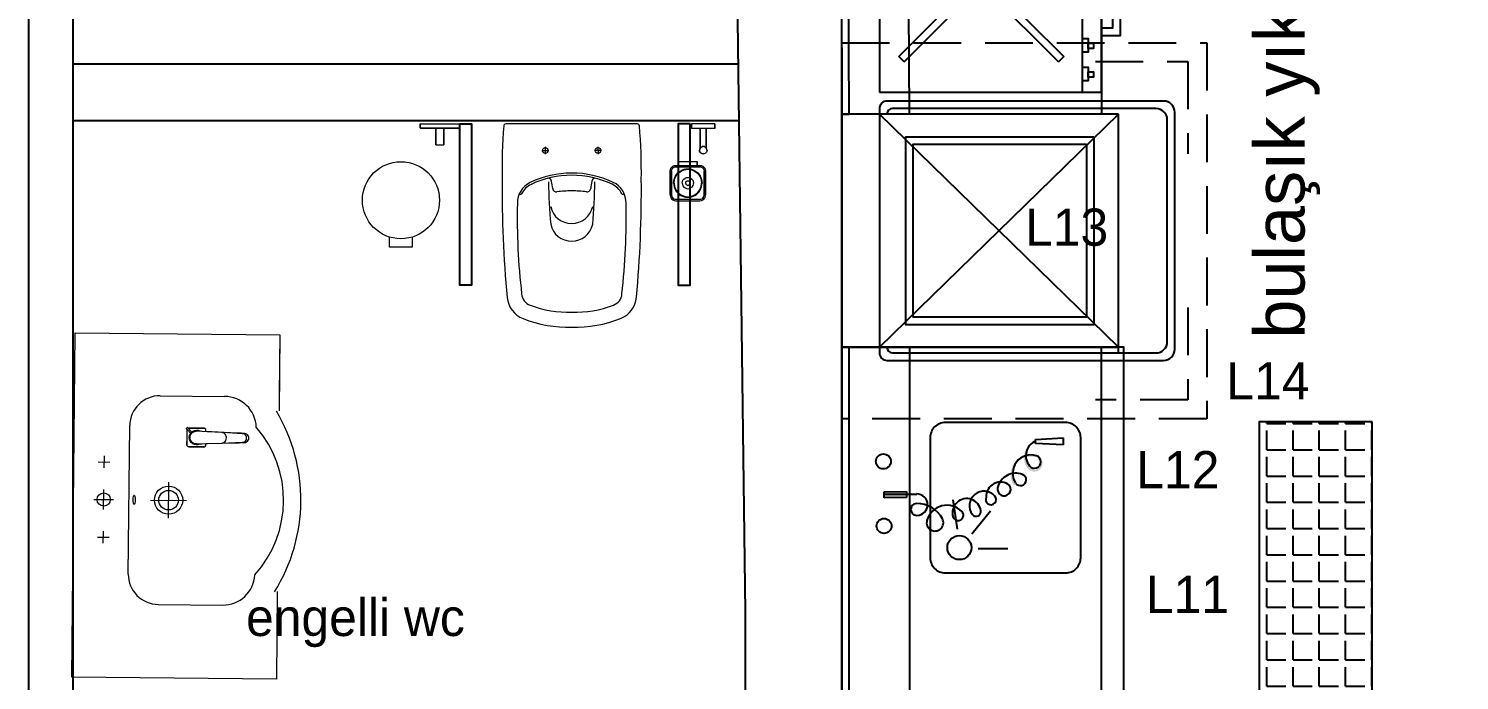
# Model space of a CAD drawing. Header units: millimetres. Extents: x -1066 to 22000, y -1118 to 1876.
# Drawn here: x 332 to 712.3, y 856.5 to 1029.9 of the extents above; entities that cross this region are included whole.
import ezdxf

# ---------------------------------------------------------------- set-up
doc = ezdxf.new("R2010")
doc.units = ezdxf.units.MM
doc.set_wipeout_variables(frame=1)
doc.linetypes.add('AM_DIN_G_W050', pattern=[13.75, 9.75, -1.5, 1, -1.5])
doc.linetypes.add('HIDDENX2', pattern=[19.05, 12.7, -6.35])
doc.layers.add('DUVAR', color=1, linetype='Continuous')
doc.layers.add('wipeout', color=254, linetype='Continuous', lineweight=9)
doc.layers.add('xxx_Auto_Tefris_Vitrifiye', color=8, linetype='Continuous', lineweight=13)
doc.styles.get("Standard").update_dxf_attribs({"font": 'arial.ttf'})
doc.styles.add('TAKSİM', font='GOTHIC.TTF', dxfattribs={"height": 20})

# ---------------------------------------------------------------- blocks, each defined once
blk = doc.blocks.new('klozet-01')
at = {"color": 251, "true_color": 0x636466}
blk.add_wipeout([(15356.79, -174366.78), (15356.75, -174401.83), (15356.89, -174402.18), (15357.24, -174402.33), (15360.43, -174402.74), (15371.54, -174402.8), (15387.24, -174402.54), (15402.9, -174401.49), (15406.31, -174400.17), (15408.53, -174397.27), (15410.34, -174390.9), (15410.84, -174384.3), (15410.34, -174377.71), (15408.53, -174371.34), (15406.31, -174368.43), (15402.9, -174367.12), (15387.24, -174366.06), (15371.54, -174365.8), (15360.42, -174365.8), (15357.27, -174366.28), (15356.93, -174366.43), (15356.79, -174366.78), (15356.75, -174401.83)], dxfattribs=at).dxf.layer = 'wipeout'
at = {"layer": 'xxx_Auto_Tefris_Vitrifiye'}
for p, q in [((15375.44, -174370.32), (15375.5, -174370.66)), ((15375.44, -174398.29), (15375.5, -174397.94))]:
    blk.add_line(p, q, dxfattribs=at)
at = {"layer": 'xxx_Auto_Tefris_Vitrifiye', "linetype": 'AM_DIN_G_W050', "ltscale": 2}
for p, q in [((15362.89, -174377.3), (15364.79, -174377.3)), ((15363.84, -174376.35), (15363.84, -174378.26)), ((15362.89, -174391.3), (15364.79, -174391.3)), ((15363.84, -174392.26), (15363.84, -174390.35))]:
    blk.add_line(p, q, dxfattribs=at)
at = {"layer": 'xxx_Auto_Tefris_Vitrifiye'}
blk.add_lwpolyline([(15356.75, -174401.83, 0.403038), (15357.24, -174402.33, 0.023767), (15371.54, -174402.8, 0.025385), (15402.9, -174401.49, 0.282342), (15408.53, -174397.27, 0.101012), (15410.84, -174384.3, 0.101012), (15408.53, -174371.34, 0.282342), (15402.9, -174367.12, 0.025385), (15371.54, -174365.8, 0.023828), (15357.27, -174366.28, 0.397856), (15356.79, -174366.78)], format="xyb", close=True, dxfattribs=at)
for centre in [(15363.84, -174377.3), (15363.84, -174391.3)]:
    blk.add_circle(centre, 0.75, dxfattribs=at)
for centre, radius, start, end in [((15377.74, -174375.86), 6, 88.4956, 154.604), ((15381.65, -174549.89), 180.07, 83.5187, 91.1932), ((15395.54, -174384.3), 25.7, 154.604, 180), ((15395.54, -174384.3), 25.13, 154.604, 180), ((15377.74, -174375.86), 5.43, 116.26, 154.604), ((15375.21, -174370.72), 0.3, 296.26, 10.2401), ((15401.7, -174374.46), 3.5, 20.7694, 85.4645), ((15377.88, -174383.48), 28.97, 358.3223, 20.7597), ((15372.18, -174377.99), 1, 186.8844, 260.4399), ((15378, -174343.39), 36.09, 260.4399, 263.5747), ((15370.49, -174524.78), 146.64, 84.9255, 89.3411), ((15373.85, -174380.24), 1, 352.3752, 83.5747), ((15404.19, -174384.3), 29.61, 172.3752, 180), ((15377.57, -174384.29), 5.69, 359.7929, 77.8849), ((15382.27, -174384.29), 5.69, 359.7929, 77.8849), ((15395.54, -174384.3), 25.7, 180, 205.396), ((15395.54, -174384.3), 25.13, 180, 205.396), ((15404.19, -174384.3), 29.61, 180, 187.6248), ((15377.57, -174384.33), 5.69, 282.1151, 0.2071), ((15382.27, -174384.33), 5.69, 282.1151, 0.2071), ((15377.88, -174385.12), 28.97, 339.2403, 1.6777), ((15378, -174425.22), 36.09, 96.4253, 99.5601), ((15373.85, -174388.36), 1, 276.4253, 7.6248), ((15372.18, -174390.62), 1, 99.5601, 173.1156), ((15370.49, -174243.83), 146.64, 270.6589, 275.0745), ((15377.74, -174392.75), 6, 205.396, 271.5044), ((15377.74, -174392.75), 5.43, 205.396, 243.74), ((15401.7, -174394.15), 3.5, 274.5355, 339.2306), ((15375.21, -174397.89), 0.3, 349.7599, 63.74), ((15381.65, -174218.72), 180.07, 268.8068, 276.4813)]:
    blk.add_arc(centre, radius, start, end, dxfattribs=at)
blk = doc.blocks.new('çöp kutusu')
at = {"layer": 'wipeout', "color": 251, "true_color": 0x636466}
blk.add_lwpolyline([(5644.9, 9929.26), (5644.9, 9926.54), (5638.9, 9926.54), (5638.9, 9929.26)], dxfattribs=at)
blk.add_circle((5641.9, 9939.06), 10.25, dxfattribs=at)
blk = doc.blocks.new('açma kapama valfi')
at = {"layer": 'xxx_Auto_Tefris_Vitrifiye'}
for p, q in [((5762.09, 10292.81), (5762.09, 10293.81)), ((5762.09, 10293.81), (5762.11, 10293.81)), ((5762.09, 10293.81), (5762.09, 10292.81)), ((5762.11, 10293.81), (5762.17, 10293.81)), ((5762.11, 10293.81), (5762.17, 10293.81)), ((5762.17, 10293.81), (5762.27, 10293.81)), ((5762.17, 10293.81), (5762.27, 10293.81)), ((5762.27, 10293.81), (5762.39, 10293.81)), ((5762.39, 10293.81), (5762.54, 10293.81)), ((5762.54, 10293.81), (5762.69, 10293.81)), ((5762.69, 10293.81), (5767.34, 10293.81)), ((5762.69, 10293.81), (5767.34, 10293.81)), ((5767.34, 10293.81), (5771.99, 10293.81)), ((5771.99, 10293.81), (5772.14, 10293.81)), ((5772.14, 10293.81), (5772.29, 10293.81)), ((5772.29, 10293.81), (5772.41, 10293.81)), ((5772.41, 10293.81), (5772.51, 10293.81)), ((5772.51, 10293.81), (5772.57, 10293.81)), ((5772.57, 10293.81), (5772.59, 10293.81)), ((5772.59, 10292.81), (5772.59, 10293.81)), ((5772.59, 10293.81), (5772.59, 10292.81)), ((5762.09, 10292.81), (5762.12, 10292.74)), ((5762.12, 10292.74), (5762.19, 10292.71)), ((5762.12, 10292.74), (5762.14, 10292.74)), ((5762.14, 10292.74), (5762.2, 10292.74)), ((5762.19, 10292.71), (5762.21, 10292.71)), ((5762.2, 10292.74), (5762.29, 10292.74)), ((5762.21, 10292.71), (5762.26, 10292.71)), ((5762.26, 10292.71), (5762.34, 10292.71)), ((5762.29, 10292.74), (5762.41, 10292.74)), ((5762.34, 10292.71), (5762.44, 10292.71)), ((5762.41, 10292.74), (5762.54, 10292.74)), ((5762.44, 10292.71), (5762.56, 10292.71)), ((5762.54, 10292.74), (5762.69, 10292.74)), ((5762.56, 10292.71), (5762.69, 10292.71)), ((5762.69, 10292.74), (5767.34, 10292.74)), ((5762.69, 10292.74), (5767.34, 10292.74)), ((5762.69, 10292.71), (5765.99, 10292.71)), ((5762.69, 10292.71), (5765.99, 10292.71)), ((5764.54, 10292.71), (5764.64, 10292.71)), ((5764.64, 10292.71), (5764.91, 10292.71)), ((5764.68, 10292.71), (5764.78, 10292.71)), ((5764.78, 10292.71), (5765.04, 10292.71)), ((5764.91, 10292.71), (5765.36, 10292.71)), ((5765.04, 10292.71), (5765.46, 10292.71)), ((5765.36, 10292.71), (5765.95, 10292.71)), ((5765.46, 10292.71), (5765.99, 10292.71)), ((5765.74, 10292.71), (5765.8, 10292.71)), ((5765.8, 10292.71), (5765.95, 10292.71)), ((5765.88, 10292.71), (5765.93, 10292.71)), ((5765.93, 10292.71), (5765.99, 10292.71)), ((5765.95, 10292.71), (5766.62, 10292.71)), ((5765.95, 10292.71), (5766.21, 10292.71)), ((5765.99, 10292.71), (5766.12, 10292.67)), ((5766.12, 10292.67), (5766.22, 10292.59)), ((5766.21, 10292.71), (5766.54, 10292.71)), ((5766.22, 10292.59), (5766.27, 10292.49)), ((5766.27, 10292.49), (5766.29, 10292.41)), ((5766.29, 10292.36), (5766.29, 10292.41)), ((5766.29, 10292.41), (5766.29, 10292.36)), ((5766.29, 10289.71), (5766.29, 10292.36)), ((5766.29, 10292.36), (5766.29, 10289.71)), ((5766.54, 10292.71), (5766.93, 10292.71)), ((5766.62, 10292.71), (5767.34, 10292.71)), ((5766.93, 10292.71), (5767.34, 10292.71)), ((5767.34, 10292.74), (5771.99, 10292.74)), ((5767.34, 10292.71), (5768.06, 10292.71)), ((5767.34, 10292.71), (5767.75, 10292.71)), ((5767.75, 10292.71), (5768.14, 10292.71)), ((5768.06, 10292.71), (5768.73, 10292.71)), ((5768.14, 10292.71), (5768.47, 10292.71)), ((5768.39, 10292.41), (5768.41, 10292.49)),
◇ ◇ ◇ ◇ ◇ ◇ ◇
#### WHAT IS EXPECTED
In the records above, how many lines hold the string "styles"? Only the number should be given.

#### OUTPUT FOR THIS EXERCISE
2